Kasemaa taught and researched primarily in Old Testament studies, Semitic studies, and Jewish studies, and held a professorship at the University of Tartu until becoming professor emeritus (2008). In a peer-reviewed overview of biblical scholarship in Estonia, he is identified as one of the essential figures of the late Soviet and post-independence period and is credited with key institutional work during the re-establishment of theology at Tartu.

== Translation work and reception ==
Kasemaa is also known as a prolific translator into Estonian, especially of Jewish, Arabic, and Greek literature, as well as scholarly texts.
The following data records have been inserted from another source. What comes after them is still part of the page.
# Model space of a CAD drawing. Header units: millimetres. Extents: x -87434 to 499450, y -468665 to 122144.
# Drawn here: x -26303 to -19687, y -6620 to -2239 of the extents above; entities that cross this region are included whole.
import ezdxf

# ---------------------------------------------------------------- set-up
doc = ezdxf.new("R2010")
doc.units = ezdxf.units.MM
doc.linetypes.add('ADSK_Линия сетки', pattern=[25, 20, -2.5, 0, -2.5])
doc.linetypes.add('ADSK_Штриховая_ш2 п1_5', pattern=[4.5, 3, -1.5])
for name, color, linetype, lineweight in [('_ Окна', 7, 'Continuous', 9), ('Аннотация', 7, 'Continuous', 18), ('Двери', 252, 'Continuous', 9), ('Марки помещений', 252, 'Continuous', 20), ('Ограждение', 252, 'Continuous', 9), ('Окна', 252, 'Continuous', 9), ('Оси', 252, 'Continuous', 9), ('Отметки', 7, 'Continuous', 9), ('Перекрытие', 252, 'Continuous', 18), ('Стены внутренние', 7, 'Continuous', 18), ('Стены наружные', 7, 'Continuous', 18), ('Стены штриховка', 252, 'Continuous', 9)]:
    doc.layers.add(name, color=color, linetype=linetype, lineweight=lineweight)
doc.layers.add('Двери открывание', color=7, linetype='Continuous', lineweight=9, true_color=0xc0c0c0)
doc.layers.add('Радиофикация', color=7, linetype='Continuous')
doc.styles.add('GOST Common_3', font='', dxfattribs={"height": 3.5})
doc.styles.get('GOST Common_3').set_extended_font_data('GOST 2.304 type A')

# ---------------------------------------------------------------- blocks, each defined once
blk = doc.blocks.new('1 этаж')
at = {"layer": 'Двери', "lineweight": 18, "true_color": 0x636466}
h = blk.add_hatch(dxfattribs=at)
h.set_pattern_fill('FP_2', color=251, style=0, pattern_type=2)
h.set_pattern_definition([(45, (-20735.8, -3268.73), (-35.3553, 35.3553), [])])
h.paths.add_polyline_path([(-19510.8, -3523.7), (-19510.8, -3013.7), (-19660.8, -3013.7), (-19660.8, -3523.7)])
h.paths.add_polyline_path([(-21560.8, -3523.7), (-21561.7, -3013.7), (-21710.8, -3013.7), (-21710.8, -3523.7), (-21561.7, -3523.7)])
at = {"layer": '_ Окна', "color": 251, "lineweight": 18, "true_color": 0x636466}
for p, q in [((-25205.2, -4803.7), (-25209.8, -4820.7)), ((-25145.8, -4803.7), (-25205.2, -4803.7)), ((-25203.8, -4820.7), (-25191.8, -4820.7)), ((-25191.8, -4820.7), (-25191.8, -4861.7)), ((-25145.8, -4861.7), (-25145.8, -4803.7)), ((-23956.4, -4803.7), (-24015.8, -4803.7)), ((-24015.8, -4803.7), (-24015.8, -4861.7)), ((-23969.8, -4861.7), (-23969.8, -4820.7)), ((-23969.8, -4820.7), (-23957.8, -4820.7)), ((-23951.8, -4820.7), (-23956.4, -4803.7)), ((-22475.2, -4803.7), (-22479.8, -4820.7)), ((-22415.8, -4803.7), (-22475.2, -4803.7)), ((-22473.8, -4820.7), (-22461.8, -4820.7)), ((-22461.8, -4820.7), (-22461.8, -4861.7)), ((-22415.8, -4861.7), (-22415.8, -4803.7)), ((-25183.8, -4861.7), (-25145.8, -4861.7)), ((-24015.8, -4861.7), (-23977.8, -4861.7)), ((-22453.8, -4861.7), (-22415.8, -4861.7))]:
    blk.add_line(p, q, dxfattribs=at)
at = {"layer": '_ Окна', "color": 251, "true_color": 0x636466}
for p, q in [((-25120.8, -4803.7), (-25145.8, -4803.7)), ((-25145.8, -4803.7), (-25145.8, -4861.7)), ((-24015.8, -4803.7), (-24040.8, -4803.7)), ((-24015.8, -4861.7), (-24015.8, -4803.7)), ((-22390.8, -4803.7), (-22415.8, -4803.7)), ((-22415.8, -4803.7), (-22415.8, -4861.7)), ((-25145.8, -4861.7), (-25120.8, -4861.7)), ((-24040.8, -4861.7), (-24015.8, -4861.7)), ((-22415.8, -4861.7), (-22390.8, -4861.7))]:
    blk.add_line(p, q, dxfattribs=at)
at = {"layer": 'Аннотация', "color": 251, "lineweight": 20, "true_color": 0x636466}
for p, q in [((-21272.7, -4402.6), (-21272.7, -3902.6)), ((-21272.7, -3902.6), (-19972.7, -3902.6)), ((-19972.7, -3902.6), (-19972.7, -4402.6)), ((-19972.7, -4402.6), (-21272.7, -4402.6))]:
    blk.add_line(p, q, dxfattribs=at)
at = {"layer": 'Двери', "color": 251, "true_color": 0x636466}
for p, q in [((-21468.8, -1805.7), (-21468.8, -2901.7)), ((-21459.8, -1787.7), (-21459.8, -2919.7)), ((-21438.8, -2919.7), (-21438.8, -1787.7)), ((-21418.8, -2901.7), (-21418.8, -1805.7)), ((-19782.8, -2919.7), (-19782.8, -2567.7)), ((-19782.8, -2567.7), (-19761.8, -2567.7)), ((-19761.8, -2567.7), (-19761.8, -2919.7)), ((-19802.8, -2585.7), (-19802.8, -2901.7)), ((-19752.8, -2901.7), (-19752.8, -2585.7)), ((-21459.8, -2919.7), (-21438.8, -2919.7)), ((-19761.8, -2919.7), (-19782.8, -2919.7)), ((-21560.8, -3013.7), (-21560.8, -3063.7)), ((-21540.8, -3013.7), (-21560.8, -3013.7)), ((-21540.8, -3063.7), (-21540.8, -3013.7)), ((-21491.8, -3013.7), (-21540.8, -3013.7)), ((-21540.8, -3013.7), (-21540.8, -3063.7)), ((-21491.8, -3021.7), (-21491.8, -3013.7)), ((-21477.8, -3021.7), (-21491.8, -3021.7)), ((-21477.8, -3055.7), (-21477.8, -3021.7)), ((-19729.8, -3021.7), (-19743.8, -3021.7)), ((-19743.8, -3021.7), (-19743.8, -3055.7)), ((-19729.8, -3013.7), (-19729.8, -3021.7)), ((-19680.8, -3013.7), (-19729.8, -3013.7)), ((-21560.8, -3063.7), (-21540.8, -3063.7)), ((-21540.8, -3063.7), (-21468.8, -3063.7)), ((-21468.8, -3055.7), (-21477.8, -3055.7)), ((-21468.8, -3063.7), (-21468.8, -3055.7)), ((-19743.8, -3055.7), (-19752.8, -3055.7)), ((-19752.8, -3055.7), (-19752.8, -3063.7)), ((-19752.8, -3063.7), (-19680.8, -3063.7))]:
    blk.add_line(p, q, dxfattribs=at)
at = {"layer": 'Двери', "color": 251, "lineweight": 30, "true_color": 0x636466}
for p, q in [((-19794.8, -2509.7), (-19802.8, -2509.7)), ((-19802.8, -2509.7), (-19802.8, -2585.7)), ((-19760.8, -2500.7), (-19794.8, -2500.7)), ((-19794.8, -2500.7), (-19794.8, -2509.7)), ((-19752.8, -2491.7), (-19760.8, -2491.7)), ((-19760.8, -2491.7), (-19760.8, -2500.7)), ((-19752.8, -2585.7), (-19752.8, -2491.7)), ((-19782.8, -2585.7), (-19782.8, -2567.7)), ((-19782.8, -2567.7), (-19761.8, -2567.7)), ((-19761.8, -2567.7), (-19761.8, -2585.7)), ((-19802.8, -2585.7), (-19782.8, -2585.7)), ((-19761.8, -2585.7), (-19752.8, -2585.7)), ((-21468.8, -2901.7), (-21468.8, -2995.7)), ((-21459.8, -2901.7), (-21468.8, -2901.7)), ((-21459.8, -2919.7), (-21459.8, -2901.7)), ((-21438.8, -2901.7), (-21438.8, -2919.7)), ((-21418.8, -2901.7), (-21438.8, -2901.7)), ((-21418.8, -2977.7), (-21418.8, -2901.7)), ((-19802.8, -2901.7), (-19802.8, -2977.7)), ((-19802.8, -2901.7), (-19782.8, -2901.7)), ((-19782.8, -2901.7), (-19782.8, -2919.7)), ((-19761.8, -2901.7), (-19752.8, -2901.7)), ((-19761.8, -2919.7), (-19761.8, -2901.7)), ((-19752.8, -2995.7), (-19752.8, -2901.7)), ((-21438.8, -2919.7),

His translations have been recognised by the Cultural Endowment of Estonia, including a literature endowment annual prize (2006) for his translation of Nikos Kavvadias’ Vahikord (The Watch).

Scholarly and cultural discussion of Kasemaa’s work includes overviews and interviews in Estonian cultural and church media, and his role in biblical studies has been discussed in international academic literature.

== Honours and awards ==
- Order of the White Star, 3rd Class (2000).
- Tartu Medal (2002)
- Cultural Endowment of Estonia, literature endowment annual prize (2006).
- Estonian state lifetime achievement award for culture (2017).
- University of Tartu award “Contribution to Estonian National Identity” (Rahvusmõtte award, 2018).
- Honorary doctorates: Uppsala University (Faculty of Theology, 1991).
- Honorary doctorate: University of Haifa (1996).

== Selected translations (English titles where available) ==
- Nikos Kavvadias, Vahikord (The Watch) (Estonian translation; award recognised, 2006).
- Amos Oz, My Michael (Estonian translation).
- David Grossman, To the End of the Land (Estonian translation).
- Farid ud-Din Attar, The Conference of the Birds (Estonian translation).